== Dataset extract

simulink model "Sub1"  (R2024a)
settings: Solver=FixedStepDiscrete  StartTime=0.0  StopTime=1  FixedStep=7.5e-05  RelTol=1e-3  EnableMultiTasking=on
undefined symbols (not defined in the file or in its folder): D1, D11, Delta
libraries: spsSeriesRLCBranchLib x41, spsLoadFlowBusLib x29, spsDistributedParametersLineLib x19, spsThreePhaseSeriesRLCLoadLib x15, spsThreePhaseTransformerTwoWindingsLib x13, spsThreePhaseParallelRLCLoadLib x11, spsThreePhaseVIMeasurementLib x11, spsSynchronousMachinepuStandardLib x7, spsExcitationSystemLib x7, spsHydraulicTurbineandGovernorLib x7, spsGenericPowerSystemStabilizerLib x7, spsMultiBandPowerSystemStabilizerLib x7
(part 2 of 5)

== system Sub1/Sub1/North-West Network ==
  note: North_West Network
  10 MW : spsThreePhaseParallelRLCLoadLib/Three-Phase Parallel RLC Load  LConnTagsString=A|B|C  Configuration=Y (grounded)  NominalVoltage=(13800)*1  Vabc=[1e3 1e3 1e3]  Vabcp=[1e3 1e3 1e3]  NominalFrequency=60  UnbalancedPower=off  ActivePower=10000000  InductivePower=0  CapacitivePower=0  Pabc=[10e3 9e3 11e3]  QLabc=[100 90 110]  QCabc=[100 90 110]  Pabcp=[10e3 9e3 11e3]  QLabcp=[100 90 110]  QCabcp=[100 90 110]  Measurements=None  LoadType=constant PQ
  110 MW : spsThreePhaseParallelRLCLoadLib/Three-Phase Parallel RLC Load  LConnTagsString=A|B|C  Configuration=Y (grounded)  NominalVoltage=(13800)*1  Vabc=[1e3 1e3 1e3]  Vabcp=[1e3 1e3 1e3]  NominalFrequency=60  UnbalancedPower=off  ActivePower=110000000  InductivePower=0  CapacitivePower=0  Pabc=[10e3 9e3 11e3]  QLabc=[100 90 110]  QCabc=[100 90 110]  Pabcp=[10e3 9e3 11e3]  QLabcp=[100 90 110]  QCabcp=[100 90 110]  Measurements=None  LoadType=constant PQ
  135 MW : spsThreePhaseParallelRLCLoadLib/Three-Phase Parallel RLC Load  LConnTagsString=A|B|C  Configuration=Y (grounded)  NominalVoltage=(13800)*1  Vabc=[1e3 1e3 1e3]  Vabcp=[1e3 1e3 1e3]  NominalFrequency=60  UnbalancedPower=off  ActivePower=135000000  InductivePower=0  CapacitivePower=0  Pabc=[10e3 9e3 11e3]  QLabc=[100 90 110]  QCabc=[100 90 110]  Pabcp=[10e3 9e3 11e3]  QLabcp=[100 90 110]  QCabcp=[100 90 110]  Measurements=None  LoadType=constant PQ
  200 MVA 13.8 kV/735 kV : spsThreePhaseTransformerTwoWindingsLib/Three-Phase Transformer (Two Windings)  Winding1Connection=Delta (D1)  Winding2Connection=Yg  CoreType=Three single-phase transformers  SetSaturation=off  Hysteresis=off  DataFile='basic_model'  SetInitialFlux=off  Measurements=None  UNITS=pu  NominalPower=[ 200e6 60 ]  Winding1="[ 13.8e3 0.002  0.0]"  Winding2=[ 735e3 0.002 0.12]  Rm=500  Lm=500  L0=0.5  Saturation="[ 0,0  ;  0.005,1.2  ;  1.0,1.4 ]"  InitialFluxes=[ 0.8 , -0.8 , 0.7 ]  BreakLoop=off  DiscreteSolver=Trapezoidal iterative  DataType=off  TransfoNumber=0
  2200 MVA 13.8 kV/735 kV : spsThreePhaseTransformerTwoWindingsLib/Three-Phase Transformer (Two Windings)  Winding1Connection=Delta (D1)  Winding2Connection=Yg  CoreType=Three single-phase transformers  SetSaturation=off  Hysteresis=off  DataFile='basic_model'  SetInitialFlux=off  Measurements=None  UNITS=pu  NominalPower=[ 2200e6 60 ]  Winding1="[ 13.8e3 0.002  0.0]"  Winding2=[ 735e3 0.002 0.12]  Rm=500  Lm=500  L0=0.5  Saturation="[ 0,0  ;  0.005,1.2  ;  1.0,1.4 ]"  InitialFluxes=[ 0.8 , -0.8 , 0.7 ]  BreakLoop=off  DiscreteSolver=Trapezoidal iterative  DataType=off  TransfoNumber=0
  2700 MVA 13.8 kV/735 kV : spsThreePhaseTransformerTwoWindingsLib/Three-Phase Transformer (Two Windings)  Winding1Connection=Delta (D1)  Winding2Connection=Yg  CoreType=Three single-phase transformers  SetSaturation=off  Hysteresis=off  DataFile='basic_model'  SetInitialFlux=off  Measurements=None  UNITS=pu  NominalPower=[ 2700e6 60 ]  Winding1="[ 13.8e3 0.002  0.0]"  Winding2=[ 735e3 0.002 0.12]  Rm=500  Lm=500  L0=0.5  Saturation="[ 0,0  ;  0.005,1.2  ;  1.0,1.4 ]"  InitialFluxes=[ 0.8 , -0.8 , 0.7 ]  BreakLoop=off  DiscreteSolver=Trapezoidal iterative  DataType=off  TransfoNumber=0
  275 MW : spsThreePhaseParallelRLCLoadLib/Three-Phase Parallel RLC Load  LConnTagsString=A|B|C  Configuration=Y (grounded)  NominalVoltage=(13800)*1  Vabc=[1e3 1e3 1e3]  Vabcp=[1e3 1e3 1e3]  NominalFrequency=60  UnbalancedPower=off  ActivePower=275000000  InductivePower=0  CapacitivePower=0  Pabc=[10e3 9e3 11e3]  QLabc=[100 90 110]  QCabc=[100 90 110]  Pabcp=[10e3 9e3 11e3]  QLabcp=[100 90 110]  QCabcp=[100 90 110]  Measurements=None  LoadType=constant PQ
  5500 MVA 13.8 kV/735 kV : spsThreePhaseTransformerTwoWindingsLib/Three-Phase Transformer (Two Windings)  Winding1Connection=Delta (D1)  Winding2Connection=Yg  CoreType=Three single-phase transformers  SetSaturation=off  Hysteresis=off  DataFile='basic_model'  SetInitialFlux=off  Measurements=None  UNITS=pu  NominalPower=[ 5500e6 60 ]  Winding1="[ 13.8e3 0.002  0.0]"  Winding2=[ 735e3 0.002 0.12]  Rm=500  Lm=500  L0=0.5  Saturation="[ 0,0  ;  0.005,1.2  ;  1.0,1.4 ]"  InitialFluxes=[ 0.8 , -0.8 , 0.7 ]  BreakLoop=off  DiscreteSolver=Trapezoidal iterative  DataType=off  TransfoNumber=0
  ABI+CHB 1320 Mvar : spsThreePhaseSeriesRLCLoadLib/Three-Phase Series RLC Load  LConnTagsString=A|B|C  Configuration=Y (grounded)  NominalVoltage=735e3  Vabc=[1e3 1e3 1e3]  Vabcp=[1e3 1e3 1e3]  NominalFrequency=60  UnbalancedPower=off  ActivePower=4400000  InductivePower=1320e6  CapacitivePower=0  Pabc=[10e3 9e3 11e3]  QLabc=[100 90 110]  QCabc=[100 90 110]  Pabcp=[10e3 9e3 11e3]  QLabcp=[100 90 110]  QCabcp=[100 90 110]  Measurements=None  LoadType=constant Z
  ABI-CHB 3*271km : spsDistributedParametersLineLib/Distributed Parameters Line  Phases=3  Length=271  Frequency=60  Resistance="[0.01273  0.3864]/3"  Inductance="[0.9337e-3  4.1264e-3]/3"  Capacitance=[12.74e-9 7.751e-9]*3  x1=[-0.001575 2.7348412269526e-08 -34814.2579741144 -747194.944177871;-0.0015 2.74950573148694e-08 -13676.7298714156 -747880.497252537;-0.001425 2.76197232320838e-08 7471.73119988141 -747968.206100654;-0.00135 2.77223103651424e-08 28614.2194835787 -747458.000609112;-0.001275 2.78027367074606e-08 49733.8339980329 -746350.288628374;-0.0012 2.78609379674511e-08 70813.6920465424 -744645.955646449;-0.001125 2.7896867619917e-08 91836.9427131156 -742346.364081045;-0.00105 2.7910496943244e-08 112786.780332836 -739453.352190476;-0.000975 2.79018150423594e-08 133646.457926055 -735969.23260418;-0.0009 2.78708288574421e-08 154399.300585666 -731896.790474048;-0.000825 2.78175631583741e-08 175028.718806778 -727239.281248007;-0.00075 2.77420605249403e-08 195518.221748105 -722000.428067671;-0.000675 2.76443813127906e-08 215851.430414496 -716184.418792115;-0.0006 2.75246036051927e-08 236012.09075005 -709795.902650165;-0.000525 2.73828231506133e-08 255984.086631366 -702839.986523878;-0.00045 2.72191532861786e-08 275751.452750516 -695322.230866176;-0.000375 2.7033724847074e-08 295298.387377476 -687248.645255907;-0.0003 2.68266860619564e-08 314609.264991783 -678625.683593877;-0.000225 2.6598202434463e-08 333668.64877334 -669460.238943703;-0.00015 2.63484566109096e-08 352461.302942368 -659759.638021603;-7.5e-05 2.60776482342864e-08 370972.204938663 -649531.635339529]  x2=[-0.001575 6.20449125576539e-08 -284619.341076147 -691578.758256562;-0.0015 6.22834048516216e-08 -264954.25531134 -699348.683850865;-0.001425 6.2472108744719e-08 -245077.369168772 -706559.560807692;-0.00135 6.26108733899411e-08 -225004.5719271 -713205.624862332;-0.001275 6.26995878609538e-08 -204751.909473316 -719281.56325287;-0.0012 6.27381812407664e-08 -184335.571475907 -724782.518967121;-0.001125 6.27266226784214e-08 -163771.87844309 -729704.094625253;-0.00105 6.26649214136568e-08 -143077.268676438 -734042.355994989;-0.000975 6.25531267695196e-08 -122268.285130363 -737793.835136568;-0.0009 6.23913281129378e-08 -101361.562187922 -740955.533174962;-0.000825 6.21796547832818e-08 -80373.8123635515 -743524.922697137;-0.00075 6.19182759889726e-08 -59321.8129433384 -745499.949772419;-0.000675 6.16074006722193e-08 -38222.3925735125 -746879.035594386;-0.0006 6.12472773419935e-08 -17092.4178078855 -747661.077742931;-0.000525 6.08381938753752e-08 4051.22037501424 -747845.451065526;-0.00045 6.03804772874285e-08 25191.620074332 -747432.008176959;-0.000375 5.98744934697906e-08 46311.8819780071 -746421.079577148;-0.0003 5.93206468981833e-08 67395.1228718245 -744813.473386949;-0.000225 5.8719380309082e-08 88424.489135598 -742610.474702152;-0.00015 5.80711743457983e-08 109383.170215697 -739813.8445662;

====

**Work instructions**
Report, with no additional words, how many lines in the records above contain the word "Network".

**Result below**
2